(Dataset excerpts)
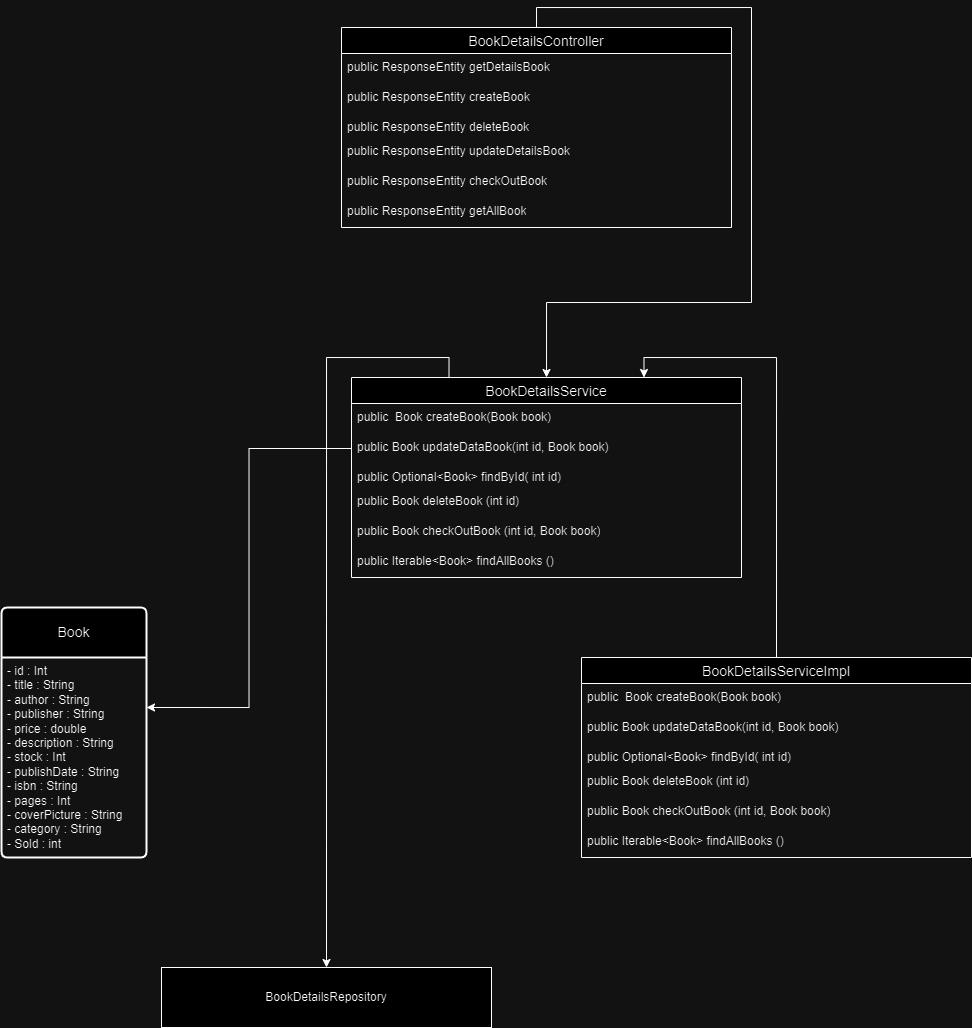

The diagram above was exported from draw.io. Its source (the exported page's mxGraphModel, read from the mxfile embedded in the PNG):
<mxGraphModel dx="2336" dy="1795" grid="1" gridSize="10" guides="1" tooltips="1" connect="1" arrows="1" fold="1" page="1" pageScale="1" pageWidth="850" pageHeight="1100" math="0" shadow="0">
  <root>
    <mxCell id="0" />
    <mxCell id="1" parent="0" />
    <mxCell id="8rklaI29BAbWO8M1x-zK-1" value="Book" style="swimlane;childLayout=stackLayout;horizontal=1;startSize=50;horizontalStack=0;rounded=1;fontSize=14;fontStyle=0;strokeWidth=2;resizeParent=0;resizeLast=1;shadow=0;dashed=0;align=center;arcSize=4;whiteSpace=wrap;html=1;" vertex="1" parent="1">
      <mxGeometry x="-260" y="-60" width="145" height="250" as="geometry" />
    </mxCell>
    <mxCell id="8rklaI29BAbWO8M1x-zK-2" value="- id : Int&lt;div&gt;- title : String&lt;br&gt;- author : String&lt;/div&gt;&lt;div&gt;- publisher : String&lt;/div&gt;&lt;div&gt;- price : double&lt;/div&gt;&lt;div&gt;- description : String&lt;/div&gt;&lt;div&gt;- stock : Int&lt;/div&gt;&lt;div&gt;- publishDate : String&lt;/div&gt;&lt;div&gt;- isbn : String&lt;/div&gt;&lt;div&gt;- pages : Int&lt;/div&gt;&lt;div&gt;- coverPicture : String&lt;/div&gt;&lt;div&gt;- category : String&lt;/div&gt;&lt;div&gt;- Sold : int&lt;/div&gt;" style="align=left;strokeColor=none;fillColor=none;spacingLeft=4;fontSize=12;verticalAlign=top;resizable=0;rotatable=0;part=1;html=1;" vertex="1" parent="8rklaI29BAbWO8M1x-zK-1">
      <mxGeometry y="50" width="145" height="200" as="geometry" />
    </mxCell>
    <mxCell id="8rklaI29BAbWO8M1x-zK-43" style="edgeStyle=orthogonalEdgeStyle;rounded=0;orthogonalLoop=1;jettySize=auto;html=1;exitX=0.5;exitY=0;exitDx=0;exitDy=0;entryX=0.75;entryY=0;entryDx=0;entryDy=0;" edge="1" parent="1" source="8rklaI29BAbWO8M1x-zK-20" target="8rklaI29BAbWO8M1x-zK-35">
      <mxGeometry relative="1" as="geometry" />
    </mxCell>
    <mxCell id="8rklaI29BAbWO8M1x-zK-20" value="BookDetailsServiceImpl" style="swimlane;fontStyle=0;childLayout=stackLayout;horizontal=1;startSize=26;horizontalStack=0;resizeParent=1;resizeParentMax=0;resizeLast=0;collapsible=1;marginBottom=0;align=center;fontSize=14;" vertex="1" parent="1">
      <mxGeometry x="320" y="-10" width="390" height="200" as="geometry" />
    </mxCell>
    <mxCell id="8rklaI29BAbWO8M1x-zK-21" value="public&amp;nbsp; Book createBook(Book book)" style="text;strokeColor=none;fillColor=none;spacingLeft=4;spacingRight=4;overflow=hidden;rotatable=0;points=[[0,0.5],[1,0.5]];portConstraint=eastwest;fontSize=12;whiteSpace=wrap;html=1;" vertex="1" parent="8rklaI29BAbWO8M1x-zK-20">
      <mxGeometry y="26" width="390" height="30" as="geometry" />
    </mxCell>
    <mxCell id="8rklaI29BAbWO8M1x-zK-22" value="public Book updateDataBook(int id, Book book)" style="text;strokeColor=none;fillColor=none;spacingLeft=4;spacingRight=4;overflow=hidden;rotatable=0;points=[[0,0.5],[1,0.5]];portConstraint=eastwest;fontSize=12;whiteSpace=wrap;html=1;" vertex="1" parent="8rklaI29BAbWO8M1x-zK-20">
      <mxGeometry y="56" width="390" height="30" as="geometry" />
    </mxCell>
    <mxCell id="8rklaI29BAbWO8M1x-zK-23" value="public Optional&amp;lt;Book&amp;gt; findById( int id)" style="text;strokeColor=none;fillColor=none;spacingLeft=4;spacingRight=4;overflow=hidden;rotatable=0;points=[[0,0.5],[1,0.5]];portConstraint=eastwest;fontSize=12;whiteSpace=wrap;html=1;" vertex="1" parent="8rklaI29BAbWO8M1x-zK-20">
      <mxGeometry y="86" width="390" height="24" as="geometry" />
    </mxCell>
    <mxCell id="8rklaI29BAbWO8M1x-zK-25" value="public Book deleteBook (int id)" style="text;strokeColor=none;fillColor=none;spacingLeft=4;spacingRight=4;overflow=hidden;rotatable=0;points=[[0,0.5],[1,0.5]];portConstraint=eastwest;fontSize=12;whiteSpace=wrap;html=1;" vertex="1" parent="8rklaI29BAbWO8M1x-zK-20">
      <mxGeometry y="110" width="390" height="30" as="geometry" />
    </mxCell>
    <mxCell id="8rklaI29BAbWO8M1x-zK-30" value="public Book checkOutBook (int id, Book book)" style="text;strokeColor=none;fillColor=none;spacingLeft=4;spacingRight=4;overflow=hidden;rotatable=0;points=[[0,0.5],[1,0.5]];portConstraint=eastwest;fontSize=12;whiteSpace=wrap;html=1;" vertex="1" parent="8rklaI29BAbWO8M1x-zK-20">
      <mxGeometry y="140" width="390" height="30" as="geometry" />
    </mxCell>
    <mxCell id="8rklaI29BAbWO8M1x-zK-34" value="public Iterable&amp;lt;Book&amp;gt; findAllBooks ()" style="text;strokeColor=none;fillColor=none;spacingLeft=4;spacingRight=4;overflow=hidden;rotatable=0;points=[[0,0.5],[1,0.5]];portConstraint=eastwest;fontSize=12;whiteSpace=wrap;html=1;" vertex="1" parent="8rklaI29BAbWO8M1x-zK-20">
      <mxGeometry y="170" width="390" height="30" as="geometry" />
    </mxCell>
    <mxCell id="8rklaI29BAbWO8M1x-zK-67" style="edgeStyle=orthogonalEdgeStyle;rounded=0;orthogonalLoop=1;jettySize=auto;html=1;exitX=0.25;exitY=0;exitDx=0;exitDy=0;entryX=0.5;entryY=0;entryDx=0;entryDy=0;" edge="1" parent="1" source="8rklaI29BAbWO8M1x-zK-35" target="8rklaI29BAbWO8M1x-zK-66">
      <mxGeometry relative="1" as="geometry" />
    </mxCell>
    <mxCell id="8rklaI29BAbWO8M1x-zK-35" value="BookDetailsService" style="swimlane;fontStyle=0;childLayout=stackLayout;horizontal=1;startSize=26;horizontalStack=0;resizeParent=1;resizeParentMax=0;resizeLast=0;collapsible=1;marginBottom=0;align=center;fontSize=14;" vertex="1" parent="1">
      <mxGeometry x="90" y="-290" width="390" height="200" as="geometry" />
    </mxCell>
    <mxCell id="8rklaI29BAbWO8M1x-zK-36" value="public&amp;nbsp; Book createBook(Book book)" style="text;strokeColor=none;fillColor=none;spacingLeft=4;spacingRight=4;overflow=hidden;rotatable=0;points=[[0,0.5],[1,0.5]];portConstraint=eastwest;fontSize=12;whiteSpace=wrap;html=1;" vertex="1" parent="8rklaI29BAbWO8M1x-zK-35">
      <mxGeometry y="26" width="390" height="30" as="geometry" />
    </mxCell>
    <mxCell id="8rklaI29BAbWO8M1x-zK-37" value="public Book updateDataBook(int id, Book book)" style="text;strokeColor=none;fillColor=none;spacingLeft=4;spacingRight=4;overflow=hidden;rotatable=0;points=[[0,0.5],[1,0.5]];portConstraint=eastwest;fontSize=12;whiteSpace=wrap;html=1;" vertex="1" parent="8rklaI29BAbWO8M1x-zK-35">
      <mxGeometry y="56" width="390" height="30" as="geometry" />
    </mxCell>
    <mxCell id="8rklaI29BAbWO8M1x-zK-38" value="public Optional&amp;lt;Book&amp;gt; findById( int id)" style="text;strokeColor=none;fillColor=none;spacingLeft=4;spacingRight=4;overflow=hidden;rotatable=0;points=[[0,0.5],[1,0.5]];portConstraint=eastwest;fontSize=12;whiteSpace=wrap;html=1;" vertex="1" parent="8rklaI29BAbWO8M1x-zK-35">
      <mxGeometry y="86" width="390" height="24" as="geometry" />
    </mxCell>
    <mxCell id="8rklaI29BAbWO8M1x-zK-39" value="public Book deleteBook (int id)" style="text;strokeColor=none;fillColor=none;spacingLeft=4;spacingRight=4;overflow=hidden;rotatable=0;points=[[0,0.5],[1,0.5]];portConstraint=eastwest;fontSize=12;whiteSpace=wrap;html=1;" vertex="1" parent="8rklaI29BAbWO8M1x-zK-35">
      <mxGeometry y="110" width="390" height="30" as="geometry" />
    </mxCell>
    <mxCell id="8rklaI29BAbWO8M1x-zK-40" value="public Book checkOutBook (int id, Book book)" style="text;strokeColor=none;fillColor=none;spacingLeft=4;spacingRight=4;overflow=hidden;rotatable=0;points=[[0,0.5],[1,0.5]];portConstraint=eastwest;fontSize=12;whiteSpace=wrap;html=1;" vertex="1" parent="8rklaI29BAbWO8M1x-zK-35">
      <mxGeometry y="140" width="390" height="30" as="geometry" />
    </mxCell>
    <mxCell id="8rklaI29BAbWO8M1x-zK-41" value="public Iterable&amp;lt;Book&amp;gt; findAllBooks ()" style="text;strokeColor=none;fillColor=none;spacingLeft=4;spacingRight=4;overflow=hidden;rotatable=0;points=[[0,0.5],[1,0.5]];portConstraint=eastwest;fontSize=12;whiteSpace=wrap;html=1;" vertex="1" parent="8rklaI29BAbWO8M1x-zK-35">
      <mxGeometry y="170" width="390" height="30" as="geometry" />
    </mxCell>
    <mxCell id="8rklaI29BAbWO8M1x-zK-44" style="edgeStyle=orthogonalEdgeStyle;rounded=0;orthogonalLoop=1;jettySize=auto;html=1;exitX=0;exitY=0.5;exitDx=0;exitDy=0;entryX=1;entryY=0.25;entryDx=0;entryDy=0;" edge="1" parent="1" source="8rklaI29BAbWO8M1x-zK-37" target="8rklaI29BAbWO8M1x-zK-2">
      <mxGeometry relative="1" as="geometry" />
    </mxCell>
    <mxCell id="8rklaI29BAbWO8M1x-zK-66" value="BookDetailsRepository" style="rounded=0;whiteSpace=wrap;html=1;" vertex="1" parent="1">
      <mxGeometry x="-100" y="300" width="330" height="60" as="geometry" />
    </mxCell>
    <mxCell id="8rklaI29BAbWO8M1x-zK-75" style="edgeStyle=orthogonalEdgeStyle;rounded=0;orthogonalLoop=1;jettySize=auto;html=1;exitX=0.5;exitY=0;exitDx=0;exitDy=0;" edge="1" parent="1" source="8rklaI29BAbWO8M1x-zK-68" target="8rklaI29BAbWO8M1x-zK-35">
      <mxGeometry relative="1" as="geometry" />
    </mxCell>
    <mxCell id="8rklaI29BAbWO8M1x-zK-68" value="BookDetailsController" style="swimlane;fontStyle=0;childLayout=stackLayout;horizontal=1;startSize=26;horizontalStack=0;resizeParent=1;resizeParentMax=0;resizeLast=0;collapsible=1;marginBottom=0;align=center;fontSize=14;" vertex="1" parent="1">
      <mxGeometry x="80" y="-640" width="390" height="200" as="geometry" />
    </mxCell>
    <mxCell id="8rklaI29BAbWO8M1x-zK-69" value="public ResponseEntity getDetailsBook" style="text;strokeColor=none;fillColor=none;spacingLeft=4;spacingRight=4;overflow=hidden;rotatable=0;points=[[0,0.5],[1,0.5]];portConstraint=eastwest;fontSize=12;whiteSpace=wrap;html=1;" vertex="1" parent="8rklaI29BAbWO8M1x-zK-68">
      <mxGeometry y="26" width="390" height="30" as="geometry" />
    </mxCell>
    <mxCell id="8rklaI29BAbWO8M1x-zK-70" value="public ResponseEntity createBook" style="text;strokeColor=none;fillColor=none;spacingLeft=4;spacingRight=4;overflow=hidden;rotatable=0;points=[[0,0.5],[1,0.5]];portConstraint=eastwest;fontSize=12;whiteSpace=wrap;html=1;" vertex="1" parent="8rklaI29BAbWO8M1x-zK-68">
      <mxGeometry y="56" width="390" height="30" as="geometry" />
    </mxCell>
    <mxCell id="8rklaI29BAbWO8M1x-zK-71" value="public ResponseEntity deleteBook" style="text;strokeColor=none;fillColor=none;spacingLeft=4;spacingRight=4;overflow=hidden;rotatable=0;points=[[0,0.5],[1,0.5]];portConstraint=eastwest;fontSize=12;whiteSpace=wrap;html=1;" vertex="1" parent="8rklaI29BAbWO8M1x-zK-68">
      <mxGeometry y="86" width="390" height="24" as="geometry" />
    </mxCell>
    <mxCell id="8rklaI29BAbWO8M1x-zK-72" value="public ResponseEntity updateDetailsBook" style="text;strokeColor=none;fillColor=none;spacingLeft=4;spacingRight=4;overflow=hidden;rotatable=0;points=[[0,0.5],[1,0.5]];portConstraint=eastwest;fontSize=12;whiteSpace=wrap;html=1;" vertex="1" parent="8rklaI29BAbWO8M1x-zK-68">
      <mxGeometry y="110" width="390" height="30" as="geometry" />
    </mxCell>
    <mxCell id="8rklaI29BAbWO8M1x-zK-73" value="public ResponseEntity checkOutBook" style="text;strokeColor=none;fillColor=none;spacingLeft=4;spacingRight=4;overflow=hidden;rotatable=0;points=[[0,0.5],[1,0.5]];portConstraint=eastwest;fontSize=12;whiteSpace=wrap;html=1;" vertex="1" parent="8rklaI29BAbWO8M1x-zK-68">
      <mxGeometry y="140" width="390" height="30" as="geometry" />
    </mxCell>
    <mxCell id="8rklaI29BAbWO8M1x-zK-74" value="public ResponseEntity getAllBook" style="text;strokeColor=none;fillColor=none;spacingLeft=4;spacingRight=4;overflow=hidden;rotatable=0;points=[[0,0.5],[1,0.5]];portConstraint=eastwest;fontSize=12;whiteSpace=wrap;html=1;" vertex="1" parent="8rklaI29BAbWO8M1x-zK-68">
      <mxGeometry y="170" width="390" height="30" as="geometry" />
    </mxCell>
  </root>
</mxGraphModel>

### Problem statement
Whenever the word "mxGraphModel" shows up in a line of the entries, list that line.

### Reply to the task
The diagram above was exported from draw.io. Its source (the exported page's mxGraphModel, read from the mxfile embedded in the PNG):
<mxGraphModel dx="2336" dy="1795" grid="1" gridSize="10" guides="1" tooltips="1" connect="1" arrows="1" fold="1" page="1" pageScale="1" pageWidth="850" pageHeight="1100" math="0" shadow="0">
</mxGraphModel>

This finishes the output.